There’s a lot of excitement around the new wave of coding agents, and for good reason. The first time you ask an agent to refactor some old code or construct up a web app, and it comes back with a clean, working solution in minutes, complete with test functions you never even mentioned, is a moment of genuine excitement. Suddenly, all those ambitious projects you’ve dreamed about but never had the time or resources for start to feel within reach.
But can you really build large-scale engineering projects this way?
I decided to find out. And the answer turned out to be a journey: not at first, but eventually, yes.
The problem I set out to solve was one we already knew well. Our AI data platform exposes an MCP server that allows agentic AI solutions to query data. It already works beautifully. Connect Claude or ChatGPT to the MCP server, ask it to build a sales dashboard, and it will, in seconds. The catch? You end up with a static web page, with the data baked in.
So, I thought, surely it’s not a huge step to take this further. What if we built a chat driven dashboard designer, that used the same models to build a dashboards that dynamically loads live data instead, keeping everything up to date automatically?

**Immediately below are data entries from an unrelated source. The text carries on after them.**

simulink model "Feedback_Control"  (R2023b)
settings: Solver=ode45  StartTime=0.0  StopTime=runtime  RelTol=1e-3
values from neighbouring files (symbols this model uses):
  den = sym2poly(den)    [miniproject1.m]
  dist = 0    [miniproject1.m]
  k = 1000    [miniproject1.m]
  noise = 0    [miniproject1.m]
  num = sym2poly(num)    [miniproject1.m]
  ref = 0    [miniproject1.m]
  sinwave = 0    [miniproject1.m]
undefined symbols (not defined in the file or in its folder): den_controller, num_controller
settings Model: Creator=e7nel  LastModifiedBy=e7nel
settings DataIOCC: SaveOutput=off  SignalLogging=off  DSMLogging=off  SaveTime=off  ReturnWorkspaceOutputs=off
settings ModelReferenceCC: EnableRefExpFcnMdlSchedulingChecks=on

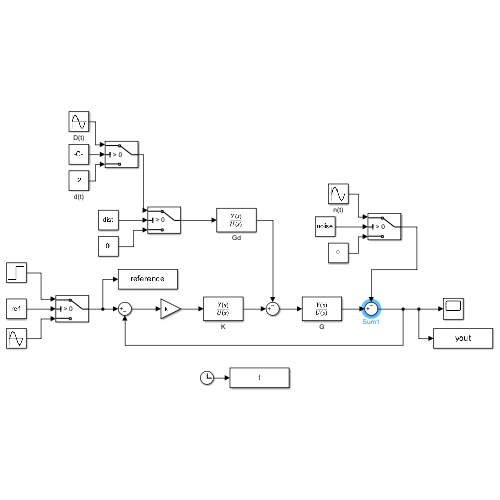
[thumbnail: Simulink's stored preview of the top-level diagram]
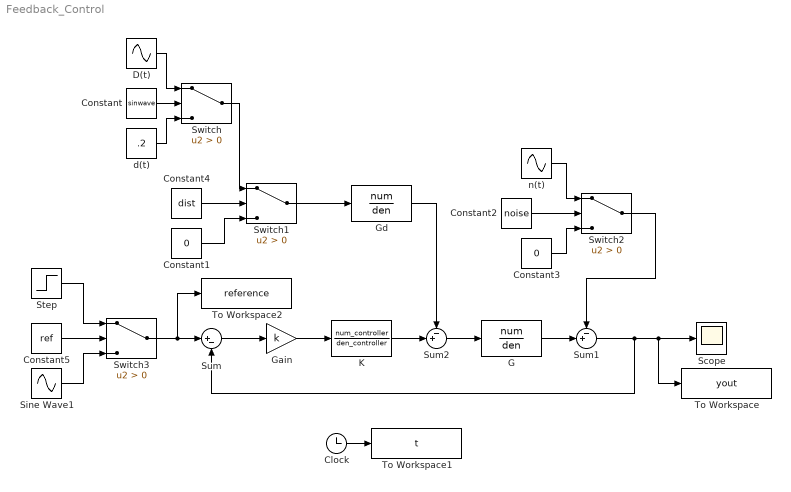
== system Feedback_Control ==
  Clock : Clock
  Constant : Constant  Value=sinwave
  Constant1 : Constant  Value=0
  Constant2 : Constant  Value=noise
  Constant3 : Constant  Value=0
  Constant4 : Constant  Value=dist
  Constant5 : Constant  Value=ref
  D(t) : Sin  Amplitude=.2  Frequency=2  SampleTime=0
  G : TransferFcn  Numerator=num  Denominator=den  ParameterTunability=Optimized
  Gain : Gain  Gain=k
  Gd : TransferFcn  Numerator=num  Denominator=den
  K : TransferFcn  Numerator=num_controller  Denominator=den_controller
  Scope : Scope
  Sine Wave1 : Sin  Amplitude=3  Frequency=5  SampleTime=0
  Step : Step  Time=.01  SampleTime=0
  Sum : Sum  Inputs=|+-
  Sum1 : Sum  Inputs=-+|
  Sum2 : Sum  Inputs=-+|
  Switch{,1..3} (4 alike) : Switch  Criteria=u2 > Threshold  SaturateOnIntegerOverflow=off  InputSameDT=off
  To Workspace : ToWorkspace  VariableName=yout  SampleTime=-1
      settings: Save2DSignal=2-D array (concatenate along first dimension)
  To Workspace1 : ToWorkspace  VariableName=t  SampleTime=-1
      settings: Save2DSignal=2-D array (concatenate along first dimension)
  To Workspace2 : ToWorkspace  VariableName=reference  SampleTime=-1
      settings: Save2DSignal=2-D array (concatenate along first dimension)
  d(t) : Constant  Value=.2
  n(t) : Sin  Frequency=20  SampleTime=0
  wires:
  n(t)/1 -> Switch2/1
  Clock/1 -> To Workspace1/1
  Sum2/1 -> G/1
  Constant/1 -> Switch/2
  Constant2/1 -> Switch2/2
  Constant3/1 -> Switch2/3
  G/1 -> Sum1/2
  Switch2/1 -> Sum1/1
  Sum1/1 -> Sum/2, To Workspace/1, Scope/1
  d(t)/1 -> Switch/3
  D(t)/1 -> Switch/1
  Switch3/1 -> To Workspace2/1, Sum/1
  Sine Wave1/1 -> Switch3/3
  Step/1 -> Switch3/1
  Constant5/1 -> Switch3/2
  Sum/1 -> Gain/1
  Constant1/1 -> Switch1/3
  Constant4/1 -> Switch1/2
  Switch/1 -> Switch1/1
  Switch1/1 -> Gd/1
  K/1 -> Sum2/2
  Gain/1 -> K/1
  Gd/1 -> Sum2/1

I described the entire project in a markdown file, opened Claude Code in a terminal, and let it get to work. The first attempt kind of worked. I’d asked Claude to create two agents: one for planning and one for implementation.
The planning agent’s job was to talk to the user, query the data, and create a plan for the dashboard. The implementation agent would then take that plan and build it. The planning agent came together quickly, it even generated mock-ups of the dashboard in the right-hand panel after just a few tweaks. The implementation agent, on the other hand, struggled. It kept looping endlessly or would just hang, and stop processing altogether.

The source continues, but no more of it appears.